Resolvi partir. Não como das outras vezes, que só parti de mim. Dessa vez vou partir de você.

Estou partindo porque cansei de esperar você chegar tarde do trabalho, ouvir histórias sobre seus colegas e de como o seu chefe é insuportavelmente metódico. Vou partir porque você continua deixando a toalha molhada em cima da cama, a louça suja tampando o ralo da pia e garrafa de água vazia dentro da geladeira. Partindo, pois já não aguento mais ver você usando dois dias seguidos a mesma calça, a mesma camisa e as mesmas desculpas para usar a mesma roupa. Decidi partir, porque não consigo mais olhar para os seus olhos logo pela manhã, refletidos pela luz que entra pela fresta da janela, sem ter a certeza do quanto gosto de você e do que desejo para mim. Vou partir, porque cada vez que enrolo os meus dedos no seu cabelo descubro que perdi o controle da situação e isso aqui já deixou de ser paixão há muito tempo. Vou partir para bem longe, porque não quero nunca na vida cruzar com você na rua, feliz com alguém que não tenho certeza se é só um velho amigo ou um novo grande amor.

Estou indo embora porque não quero mais preparar o almoço aos domingos, receber beijos enquanto cozinho a carne e sinto a minha cintura ser apertada enquanto vejo o ponto do arroz, me segurando com força como um alguém que tem medo de que eu acabe dentro da panela. Não quero mais deitar na cama, cochilar sobre o seu peito e acordar trinta minutos depois com você olhando para a minha cara com um olhar fraternal ou de amante (ainda não consegui distinguir). Vou, pois não quero que a rotina nos consuma e no final a gente se torne um desses casais babacas que precisam ir ao cinema, andar de bicicleta nos finais de semana e esperar uma hora para sentar em um barzinho caro para que todo mundo saiba que estamos bem. Acho que ninguém no mundo precisa saber que estamos bem, desde que a gente esteja assistindo vídeos bobos no Youtube, ouvindo músicas que a gente não saiba a letra e mesmo assim tentamos cantar, enquanto comemos salgadinho vencido como crianças que não sabem que vão passar mal no dia seguinte.

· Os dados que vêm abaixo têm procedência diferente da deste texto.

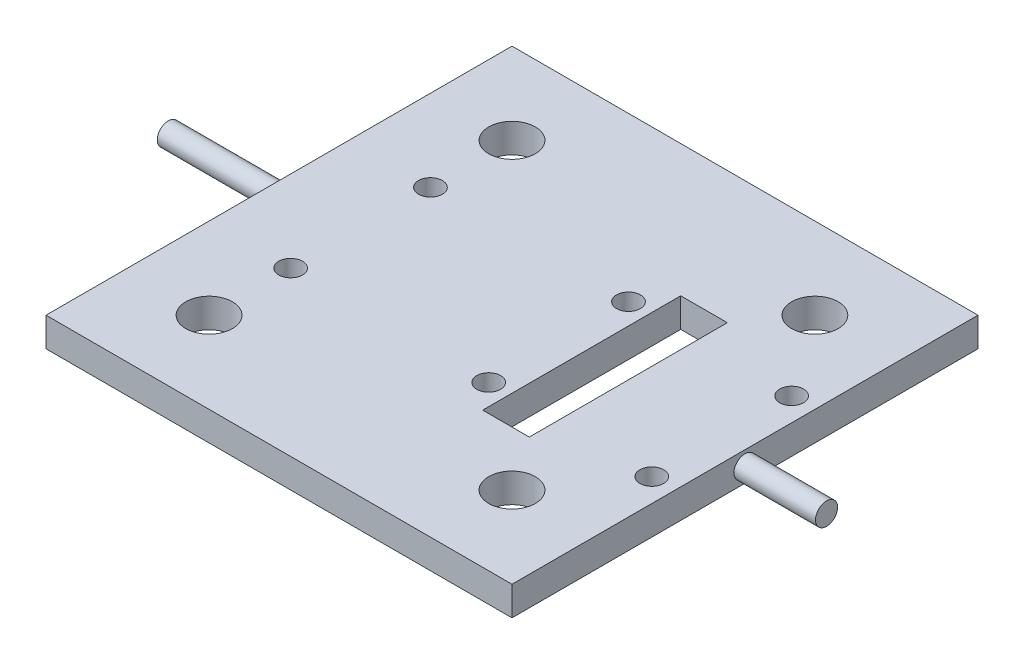
ISO-10303-21;
HEADER;
FILE_DESCRIPTION(('STEP AP214'),'2;1');
FILE_NAME('part.step','',(''),(''),'','','');
FILE_SCHEMA(('AUTOMOTIVE_DESIGN { 1 0 10303 214 1 1 1 1 }'));
ENDSEC;
DATA;
#1=APPLICATION_CONTEXT('core data for automotive mechanical design processes');
#2=APPLICATION_PROTOCOL_DEFINITION('international standard','automotive_design',2000,#1);
#3=PRODUCT_CONTEXT('',#1,'mechanical');
#4=PRODUCT('Part','Part','',(#3));
#5=PRODUCT_RELATED_PRODUCT_CATEGORY('part','',(#4));
#6=PRODUCT_DEFINITION_FORMATION('','',#4);
#7=PRODUCT_DEFINITION_CONTEXT('part definition',#1,'design');
#8=PRODUCT_DEFINITION('design','',#6,#7);
#9=PRODUCT_DEFINITION_SHAPE('','',#8);
#10=(LENGTH_UNIT() NAMED_UNIT(*) SI_UNIT(.MILLI.,.METRE.));
#11=(NAMED_UNIT(*) PLANE_ANGLE_UNIT() SI_UNIT($,.RADIAN.));
#12=(NAMED_UNIT(*) SI_UNIT($,.STERADIAN.) SOLID_ANGLE_UNIT());
#13=UNCERTAINTY_MEASURE_WITH_UNIT(LENGTH_MEASURE(1.E-05),#10,'distance_accuracy_value','');
#14=(GEOMETRIC_REPRESENTATION_CONTEXT(3) GLOBAL_UNCERTAINTY_ASSIGNED_CONTEXT((#13)) GLOBAL_UNIT_ASSIGNED_CONTEXT((#10,
#11,#12)) REPRESENTATION_CONTEXT('',''));
#15=CARTESIAN_POINT('',(0.,0.,0.));
#16=DIRECTION('',(0.,0.,1.));
#17=DIRECTION('',(1.,0.,0.));
#18=AXIS2_PLACEMENT_3D('',#15,#16,#17);
#19=CARTESIAN_POINT('',(25.4,1.5875,25.4));
#20=DIRECTION('',(-1.,0.,0.));
#21=DIRECTION('',(0.,0.,1.));
#22=AXIS2_PLACEMENT_3D('',#19,#20,#21);
#23=PLANE('',#22);
#24=CARTESIAN_POINT('',(25.4,0.,0.));
#25=DIRECTION('',(-1.,0.,0.));
#26=DIRECTION('',(0.,0.,1.));
#27=AXIS2_PLACEMENT_3D('',#24,#25,#26);
#28=CIRCLE('',#27,1.2065);
#29=CARTESIAN_POINT('',(25.4,0.,1.2065));
#30=VERTEX_POINT('',#29);
#31=EDGE_CURVE('E42',#30,#30,#28,.F.);
#32=ORIENTED_EDGE('',*,*,#31,.F.);
#33=EDGE_LOOP('',(#32));
#34=FACE_BOUND('',#33,.T.);
#35=DIRECTION('',(0.,0.,-1.));
#36=VECTOR('',#35,1.);
#37=CARTESIAN_POINT('',(25.4,-1.5875,25.4));
#38=LINE('',#37,#36);
#39=CARTESIAN_POINT('',(25.4,-1.5875,25.4));
#40=VERTEX_POINT('',#39);
#41=CARTESIAN_POINT('',(25.4,-1.5875,-25.4));
#42=VERTEX_POINT('',#41);
#43=EDGE_CURVE('E199',#40,#42,#38,.T.);
#44=ORIENTED_EDGE('',*,*,#43,.T.);
#45=DIRECTION('',(0.,-1.,0.));
#46=VECTOR('',#45,1.);
#47=CARTESIAN_POINT('',(25.4,1.5875,-25.4));
#48=LINE('',#47,#46);
#49=CARTESIAN_POINT('',(25.4,1.5875,-25.4));
#50=VERTEX_POINT('',#49);
#51=EDGE_CURVE('E226',#50,#42,#48,.T.);
#52=ORIENTED_EDGE('',*,*,#51,.F.);
#53=DIRECTION('',(0.,0.,-1.));
#54=VECTOR('',#53,1.);
#55=CARTESIAN_POINT('',(25.4,1.5875,25.4));
#56=LINE('',#55,#54);
#57=CARTESIAN_POINT('',(25.4,1.5875,25.4));
#58=VERTEX_POINT('',#57);
#59=EDGE_CURVE('E200',#58,#50,#56,.T.);
#60=ORIENTED_EDGE('',*,*,#59,.F.);
#61=DIRECTION('',(0.,-1.,0.));
#62=VECTOR('',#61,1.);
#63=CARTESIAN_POINT('',(25.4,1.5875,25.4));
#64=LINE('',#63,#62);
#65=EDGE_CURVE('E210',#58,#40,#64,.T.);
#66=ORIENTED_EDGE('',*,*,#65,.T.);
#67=EDGE_LOOP('',(#44,#52,#60,#66));
#68=FACE_BOUND('',#67,.T.);
#69=ADVANCED_FACE('F35',(#34,#68),#23,.F.);
#70=CARTESIAN_POINT('',(-25.4,1.5875,-25.4));
#71=DIRECTION('',(0.,0.,1.));
#72=DIRECTION('',(1.,0.,0.));
#73=AXIS2_PLACEMENT_3D('',#70,#71,#72);
#74=PLANE('',#73);
#75=DIRECTION('',(-1.,0.,0.));
#76=VECTOR('',#75,1.);
#77=CARTESIAN_POINT('',(-25.4,-1.5875,-25.4));
#78=LINE('',#77,#76);
#79=CARTESIAN_POINT('',(-25.4,-1.5875,-25.4));
#80=VERTEX_POINT('',#79);
#81=EDGE_CURVE('E213',#42,#80,#78,.T.);
#82=ORIENTED_EDGE('',*,*,#81,.T.);
#83=DIRECTION('',(0.,-1.,0.));
#84=VECTOR('',#83,1.);
#85=CARTESIAN_POINT('',(-25.4,1.5875,-25.4));
#86=LINE('',#85,#84);
#87=CARTESIAN_POINT('',(-25.4,1.5875,-25.4));
#88=VERTEX_POINT('',#87);
#89=EDGE_CURVE('E223',#88,#80,#86,.T.);
#90=ORIENTED_EDGE('',*,*,#89,.F.);
#91=DIRECTION('',(-1.,0.,0.));
#92=VECTOR('',#91,1.);
#93=CARTESIAN_POINT('',(-25.4,1.5875,-25.4));
#94=LINE('',#93,#92);
#95=EDGE_CURVE('E203',#50,#88,#94,.T.);
#96=ORIENTED_EDGE('',*,*,#95,.F.);
#97=ORIENTED_EDGE('',*,*,#51,.T.);
#98=EDGE_LOOP('',(#82,#90,#96,#97));
#99=FACE_BOUND('',#98,.T.);
#100=ADVANCED_FACE('F235',(#99),#74,.F.);
#101=CARTESIAN_POINT('',(-25.4,1.5875,25.4));
#102=DIRECTION('',(1.,0.,0.));
#103=DIRECTION('',(0.,0.,-1.));
#104=AXIS2_PLACEMENT_3D('',#101,#102,#103);
#105=PLANE('',#104);
#106=CARTESIAN_POINT('',(-25.4,0.,0.));
#107=DIRECTION('',(1.,0.,0.));
#108=DIRECTION('',(0.,0.,-1.));
#109=AXIS2_PLACEMENT_3D('',#106,#107,#108);
#110=CIRCLE('',#109,1.2065);
#111=CARTESIAN_POINT('',(-25.4,0.,-1.2065));
#112=VERTEX_POINT('',#111);
#113=EDGE_CURVE('E11',#112,#112,#110,.F.);
#114=ORIENTED_EDGE('',*,*,#113,.F.);
#115=EDGE_LOOP('',(#114));
#116=FACE_BOUND('',#115,.T.);
#117=DIRECTION('',(0.,0.,1.));
#118=VECTOR('',#117,1.);
#119=CARTESIAN_POINT('',(-25.4,-1.5875,25.4));
#120=LINE('',#119,#118);
#121=CARTESIAN_POINT('',(-25.4,-1.5875,25.4));
#122=VERTEX_POINT('',#121);
#123=EDGE_CURVE('E215',#80,#122,#120,.T.);
#124=ORIENTED_EDGE('',*,*,#123,.T.);
#125=DIRECTION('',(0.,-1.,0.));
#126=VECTOR('',#125,1.);
#127=CARTESIAN_POINT('',(-25.4,1.5875,25.4));
#128=LINE('',#127,#126);
#129=CARTESIAN_POINT('',(-25.4,1.5875,25.4));
#130=VERTEX_POINT('',#129);
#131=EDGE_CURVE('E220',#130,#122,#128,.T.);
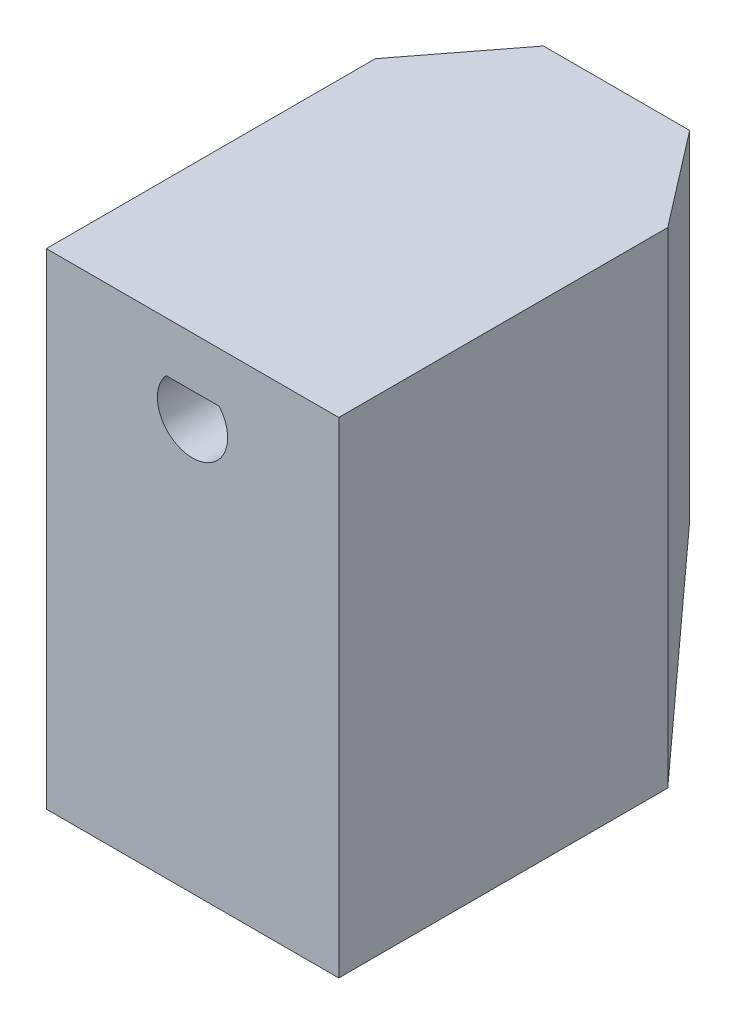
ISO-10303-21;
HEADER;
FILE_DESCRIPTION(('STEP AP214'),'2;1');
FILE_NAME('part.step','',(''),(''),'','','');
FILE_SCHEMA(('AUTOMOTIVE_DESIGN { 1 0 10303 214 1 1 1 1 }'));
ENDSEC;
DATA;
#1=APPLICATION_CONTEXT('core data for automotive mechanical design processes');
#2=APPLICATION_PROTOCOL_DEFINITION('international standard','automotive_design',2000,#1);
#3=PRODUCT_CONTEXT('',#1,'mechanical');
#4=PRODUCT('Part','Part','',(#3));
#5=PRODUCT_RELATED_PRODUCT_CATEGORY('part','',(#4));
#6=PRODUCT_DEFINITION_FORMATION('','',#4);
#7=PRODUCT_DEFINITION_CONTEXT('part definition',#1,'design');
#8=PRODUCT_DEFINITION('design','',#6,#7);
#9=PRODUCT_DEFINITION_SHAPE('','',#8);
#10=(LENGTH_UNIT() NAMED_UNIT(*) SI_UNIT(.MILLI.,.METRE.));
#11=(NAMED_UNIT(*) PLANE_ANGLE_UNIT() SI_UNIT($,.RADIAN.));
#12=(NAMED_UNIT(*) SI_UNIT($,.STERADIAN.) SOLID_ANGLE_UNIT());
#13=UNCERTAINTY_MEASURE_WITH_UNIT(LENGTH_MEASURE(1.E-05),#10,'distance_accuracy_value','');
#14=(GEOMETRIC_REPRESENTATION_CONTEXT(3) GLOBAL_UNCERTAINTY_ASSIGNED_CONTEXT((#13)) GLOBAL_UNIT_ASSIGNED_CONTEXT((#10,
#11,#12)) REPRESENTATION_CONTEXT('',''));
#15=CARTESIAN_POINT('',(0.,0.,0.));
#16=DIRECTION('',(0.,0.,1.));
#17=DIRECTION('',(1.,0.,0.));
#18=AXIS2_PLACEMENT_3D('',#15,#16,#17);
#19=CARTESIAN_POINT('',(12.7,0.,25.4));
#20=DIRECTION('',(1.,0.,0.));
#21=DIRECTION('',(0.,1.,0.));
#22=AXIS2_PLACEMENT_3D('',#19,#20,#21);
#23=PLANE('',#22);
#24=DIRECTION('',(0.,-1.,0.));
#25=VECTOR('',#24,1.);
#26=CARTESIAN_POINT('',(12.7,6.351,-3.175));
#27=LINE('',#26,#25);
#28=CARTESIAN_POINT('',(12.7,6.35,-3.175));
#29=VERTEX_POINT('',#28);
#30=CARTESIAN_POINT('',(12.7,-35.814,-3.175));
#31=VERTEX_POINT('',#30);
#32=EDGE_CURVE('E183',#29,#31,#27,.T.);
#33=ORIENTED_EDGE('',*,*,#32,.F.);
#34=DIRECTION('',(0.,0.,1.));
#35=VECTOR('',#34,1.);
#36=CARTESIAN_POINT('',(12.7,6.35,-11.43));
#37=LINE('',#36,#35);
#38=CARTESIAN_POINT('',(12.7,6.35,25.4));
#39=VERTEX_POINT('',#38);
#40=EDGE_CURVE('E59',#29,#39,#37,.T.);
#41=ORIENTED_EDGE('',*,*,#40,.T.);
#42=DIRECTION('',(0.,-1.,0.));
#43=VECTOR('',#42,1.);
#44=CARTESIAN_POINT('',(12.7,0.,25.4));
#45=LINE('',#44,#43);
#46=CARTESIAN_POINT('',(12.7,-35.814,25.4));
#47=VERTEX_POINT('',#46);
#48=EDGE_CURVE('E171',#39,#47,#45,.T.);
#49=ORIENTED_EDGE('',*,*,#48,.T.);
#50=DIRECTION('',(0.,0.,-1.));
#51=VECTOR('',#50,1.);
#52=CARTESIAN_POINT('',(12.7,-35.814,25.4));
#53=LINE('',#52,#51);
#54=EDGE_CURVE('E52',#47,#31,#53,.T.);
#55=ORIENTED_EDGE('',*,*,#54,.T.);
#56=EDGE_LOOP('',(#33,#41,#49,#55));
#57=FACE_BOUND('',#56,.T.);
#58=ADVANCED_FACE('F44',(#57),#23,.T.);
#59=CARTESIAN_POINT('',(0.,6.35,25.4));
#60=DIRECTION('',(0.,1.,0.));
#61=DIRECTION('',(-1.,0.,0.));
#62=AXIS2_PLACEMENT_3D('',#59,#60,#61);
#63=PLANE('',#62);
#64=DIRECTION('',(0.,0.,1.));
#65=VECTOR('',#64,1.);
#66=CARTESIAN_POINT('',(-12.7,6.35,-11.43));
#67=LINE('',#66,#65);
#68=CARTESIAN_POINT('',(-12.7,6.35,-3.175));
#69=VERTEX_POINT('',#68);
#70=CARTESIAN_POINT('',(-12.7,6.35,25.4));
#71=VERTEX_POINT('',#70);
#72=EDGE_CURVE('E149',#69,#71,#67,.T.);
#73=ORIENTED_EDGE('',*,*,#72,.T.);
#74=DIRECTION('',(1.,0.,0.));
#75=VECTOR('',#74,1.);
#76=CARTESIAN_POINT('',(0.,6.35,25.4));
#77=LINE('',#76,#75);
#78=EDGE_CURVE('E153',#71,#39,#77,.T.);
#79=ORIENTED_EDGE('',*,*,#78,.T.);
#80=ORIENTED_EDGE('',*,*,#40,.F.);
#81=DIRECTION('',(-0.609710760849693,0.,-0.7926239891046));
#82=VECTOR('',#81,1.);
#83=CARTESIAN_POINT('',(6.35,6.35,-11.43));
#84=LINE('',#83,#82);
#85=CARTESIAN_POINT('',(6.35,6.35,-11.43));
#86=VERTEX_POINT('',#85);
#87=EDGE_CURVE('E517',#29,#86,#84,.T.);
#88=ORIENTED_EDGE('',*,*,#87,.T.);
#89=DIRECTION('',(1.,0.,0.));
#90=VECTOR('',#89,1.);
#91=CARTESIAN_POINT('',(12.7,6.35,-11.43));
#92=LINE('',#91,#90);
#93=CARTESIAN_POINT('',(-6.35,6.35,-11.43));
#94=VERTEX_POINT('',#93);
#95=EDGE_CURVE('E193',#94,#86,#92,.T.);
#96=ORIENTED_EDGE('',*,*,#95,.F.);
#97=DIRECTION('',(-0.609710760849693,0.,0.7926239891046));
#98=VECTOR('',#97,1.);
#99=CARTESIAN_POINT('',(-12.7,6.35,-3.175));
#100=LINE('',#99,#98);
#101=EDGE_CURVE('E155',#94,#69,#100,.T.);
#102=ORIENTED_EDGE('',*,*,#101,.T.);
#103=EDGE_LOOP('',(#73,#79,#80,#88,#96,#102));
#104=FACE_BOUND('',#103,.T.);
#105=ADVANCED_FACE('F151',(#104),#63,.T.);
#106=CARTESIAN_POINT('',(-12.7,0.,25.4));
#107=DIRECTION('',(1.,0.,0.));
#108=DIRECTION('',(0.,1.,0.));
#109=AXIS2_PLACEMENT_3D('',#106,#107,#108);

Vou levar tudo o que é nosso comigo. Estou levando aquele dia cinza e estranhamente bonito onde você me pediu em namoro, a timidez de quando estávamos nos conhecendo e um monte de promessas despretensiosas que deixamos escapar entre um encontro e outro. Estou levando também a sua determinação em fazer o nosso relacionamento dar certo, a sua arrogância nas discussões e o seu ponto de vista simples e objetivo que me fizeram enxergar para qual lado eu deveria ir cada vez que o destino cambaleasse.

Determinei que vou partir, ao meio, tudo aquilo que a gente sente um pelo outro. Estou partindo, porque acredito que ninguém no mundo deveria ser feliz como a gente é.